> **WHAT IS EXPECTED**: Every line of the data that contains the string "aerolibanimutils" must be copied.

> **GIVEN RECORDS**:
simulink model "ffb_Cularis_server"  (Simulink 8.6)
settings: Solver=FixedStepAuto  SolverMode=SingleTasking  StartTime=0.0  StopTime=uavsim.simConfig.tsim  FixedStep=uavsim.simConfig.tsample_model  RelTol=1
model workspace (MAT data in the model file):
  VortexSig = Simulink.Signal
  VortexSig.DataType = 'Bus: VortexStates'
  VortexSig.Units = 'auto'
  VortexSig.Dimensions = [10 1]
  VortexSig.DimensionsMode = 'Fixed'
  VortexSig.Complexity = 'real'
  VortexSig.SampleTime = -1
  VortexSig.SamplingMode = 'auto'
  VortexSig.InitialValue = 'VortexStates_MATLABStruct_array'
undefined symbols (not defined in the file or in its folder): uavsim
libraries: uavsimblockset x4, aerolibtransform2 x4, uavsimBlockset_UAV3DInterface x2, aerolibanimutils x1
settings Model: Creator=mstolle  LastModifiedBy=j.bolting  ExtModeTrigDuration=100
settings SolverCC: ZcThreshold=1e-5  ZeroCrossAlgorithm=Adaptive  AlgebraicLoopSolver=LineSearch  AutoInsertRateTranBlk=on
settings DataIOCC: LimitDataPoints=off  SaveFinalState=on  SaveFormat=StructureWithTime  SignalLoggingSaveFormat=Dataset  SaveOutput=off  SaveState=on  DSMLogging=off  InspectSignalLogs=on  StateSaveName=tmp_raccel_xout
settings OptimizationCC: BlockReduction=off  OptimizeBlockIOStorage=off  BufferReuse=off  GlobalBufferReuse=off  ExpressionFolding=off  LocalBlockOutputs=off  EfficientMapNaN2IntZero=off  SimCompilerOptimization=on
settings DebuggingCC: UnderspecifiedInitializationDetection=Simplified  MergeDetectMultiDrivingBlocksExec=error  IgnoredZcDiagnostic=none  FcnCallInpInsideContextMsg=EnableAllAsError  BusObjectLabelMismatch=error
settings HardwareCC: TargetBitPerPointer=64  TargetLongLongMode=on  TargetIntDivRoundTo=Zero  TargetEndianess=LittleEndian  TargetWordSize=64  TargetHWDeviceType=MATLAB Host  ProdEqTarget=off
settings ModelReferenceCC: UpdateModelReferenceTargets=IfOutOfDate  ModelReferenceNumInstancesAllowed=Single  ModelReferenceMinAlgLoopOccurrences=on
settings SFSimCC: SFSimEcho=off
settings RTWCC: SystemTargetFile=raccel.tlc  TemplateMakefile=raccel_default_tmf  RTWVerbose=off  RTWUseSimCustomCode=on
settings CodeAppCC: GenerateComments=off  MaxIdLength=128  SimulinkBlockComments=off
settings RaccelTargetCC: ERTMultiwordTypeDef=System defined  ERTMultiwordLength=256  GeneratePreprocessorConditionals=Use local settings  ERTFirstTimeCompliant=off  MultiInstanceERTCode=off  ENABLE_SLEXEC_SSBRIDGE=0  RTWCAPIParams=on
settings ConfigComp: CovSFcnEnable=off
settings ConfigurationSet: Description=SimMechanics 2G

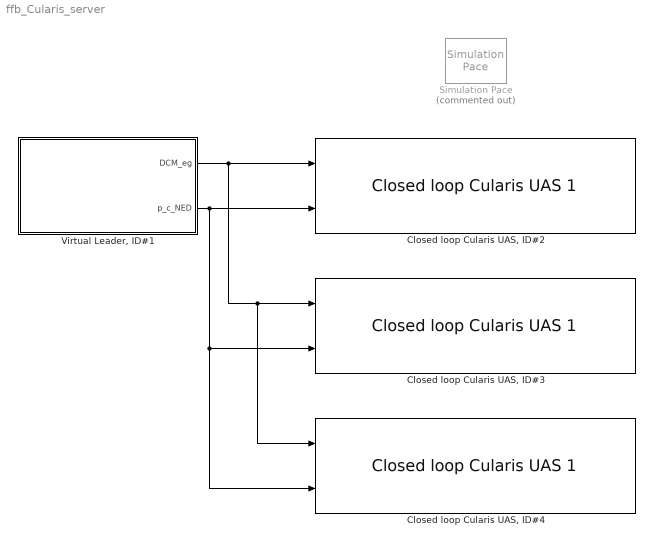
== system ffb_Cularis_server ==
  "Closed loop Cularis UAS, ID#2" : uavsimblockset/Closed loop Cularis UAS 1  closedloopmask_ID=2
  "Closed loop Cularis UAS, ID#3" : uavsimblockset/Closed loop Cularis UAS 1  closedloopmask_ID=3
  "Closed loop Cularis UAS, ID#4" : uavsimblockset/Closed loop Cularis UAS 1  closedloopmask_ID=4
  Simulation Pace : aerolibanimutils/Simulation Pace  Commented=on  SimulationPace=1  SleepMode=MATLAB Thread  OutputPaceError=off  SampleTime=-1
  "Virtual Leader, ID#1" : Subsystem  mask{aircraftmask_phithetapsi0=uavsim.formation(1).phithetapsi0, aircraftmask_p0_NED_m=uavsim.formation(1).p0_NED', aircraftmask_originNED_ECEF_rrm=uavsim.originNED_ECEF_radradm, aircraftmask_pqr0=uavsim.formation(1).omega0, aircraftmask_uvw0=uavsim.formation(1).uvw0, aircraftmask_phithetapsi_trim=uavsim.formation(1).phithetapsi0, aircraftmask_ID=1, aircraftmask_wakevortexenabled=on, aircraftmask_navigationLaw=-1, uavsim=uavsim, leaderID=0, airkraftmask_displayLeader=on}
      mask prompts: aircraftmask_phithetapsi0 "Initial Euler angles [rad]"; aircraftmask_p0_NED_m "Initial position, NED frame [m]"; aircraftmask_originNED_ECEF_rrm "Origin NED frame. ECEF, [rad rad m]"; aircraftmask_pqr0 "Initial rotation rates, body frame [rad/s]"; aircraftmask_uvw0 "Initial velocity, body frame [m/s]"; aircraftmask_phithetapsi_trim "Trim Euler angles [rad]"; aircraftmask_ID "Aircraft ID"; aircraftmask_wakevortexenabled "Wake vortex interaction enabled"; aircraftmask_navigationLaw "Active navigation law (-1: automatic selection)"; uavsim "Parameter set"; leaderID "Follows which ID?"; airkraftmask_displayLeader "Display virtual leader"
      mask Display:
      | % Set Icon:
      | %image(imread('images/cularis.png'), [.2, .2, .6, .6])
  wires:
  "Virtual Leader, ID#1"/1(DCM_eg) -> "Closed loop Cularis UAS, ID#2"/1, "Closed loop Cularis UAS, ID#4"/1, "Closed loop Cularis UAS, ID#3"/1
  "Virtual Leader, ID#1"/2(p_c_NED) -> "Closed loop Cularis UAS, ID#2"/2, "Closed loop Cularis UAS, ID#4"/2, "Closed loop Cularis UAS, ID#3"/2

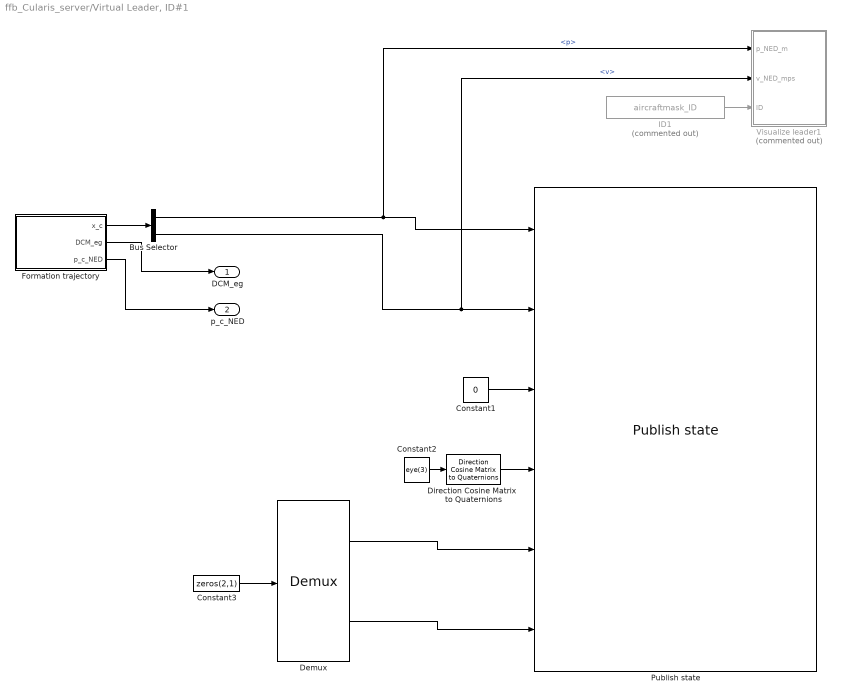
== system ffb_Cularis_server/Virtual Leader, ID#1 ==
  Bus Selector : BusSelector  OutputSignals=p,v
  Constant1 : Constant  Value=0
  Constant2 : Constant  Value=eye(3)
  Constant3 : Constant  Value=zeros(2,1)
  Demux : Demux  Outputs=2
  Direction Cosine Matrix  to Quaternions : aerolibtransform2/Direction Cosine Matrix  to Quaternions
  Formation trajectory : Subsystem
  ID1 : Constant  Commented=on  Value=aircraftmask_ID
  Publish state : uavsimblockset/Publish state  mask_ID=aircraftmask_ID
  Visualize leader1 : Subsystem  Commented=on  AncestorBlock=formationFlyingBlockset/Visualize leader  TreatAsAtomicUnit=on  SystemSampleTime=uavsim.simConfig.tsample_UAV3D  mask{mask_3dmodel=1}
      mask prompts: mask_3dmodel "3D model"
      mask TypeOptions mask_3dmodel: 0 | 1 | 2 | 3
  DCM_eg : Outport
  p_c_NED : Outport  Port=2
  wires:
  Constant1/1 -> Publish state/3
  Bus Selector/1 -> Publish state/1, Visualize leader1/1(p_NED_m)  "<p>"
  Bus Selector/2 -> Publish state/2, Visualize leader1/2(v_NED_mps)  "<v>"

> **RESULT FOR THIS EXERCISE**:
libraries: uavsimblockset x4, aerolibtransform2 x4, uavsimBlockset_UAV3DInterface x2, aerolibanimutils x1
  Simulation Pace : aerolibanimutils/Simulation Pace  Commented=on  SimulationPace=1  SleepMode=MATLAB Thread  OutputPaceError=off  SampleTime=-1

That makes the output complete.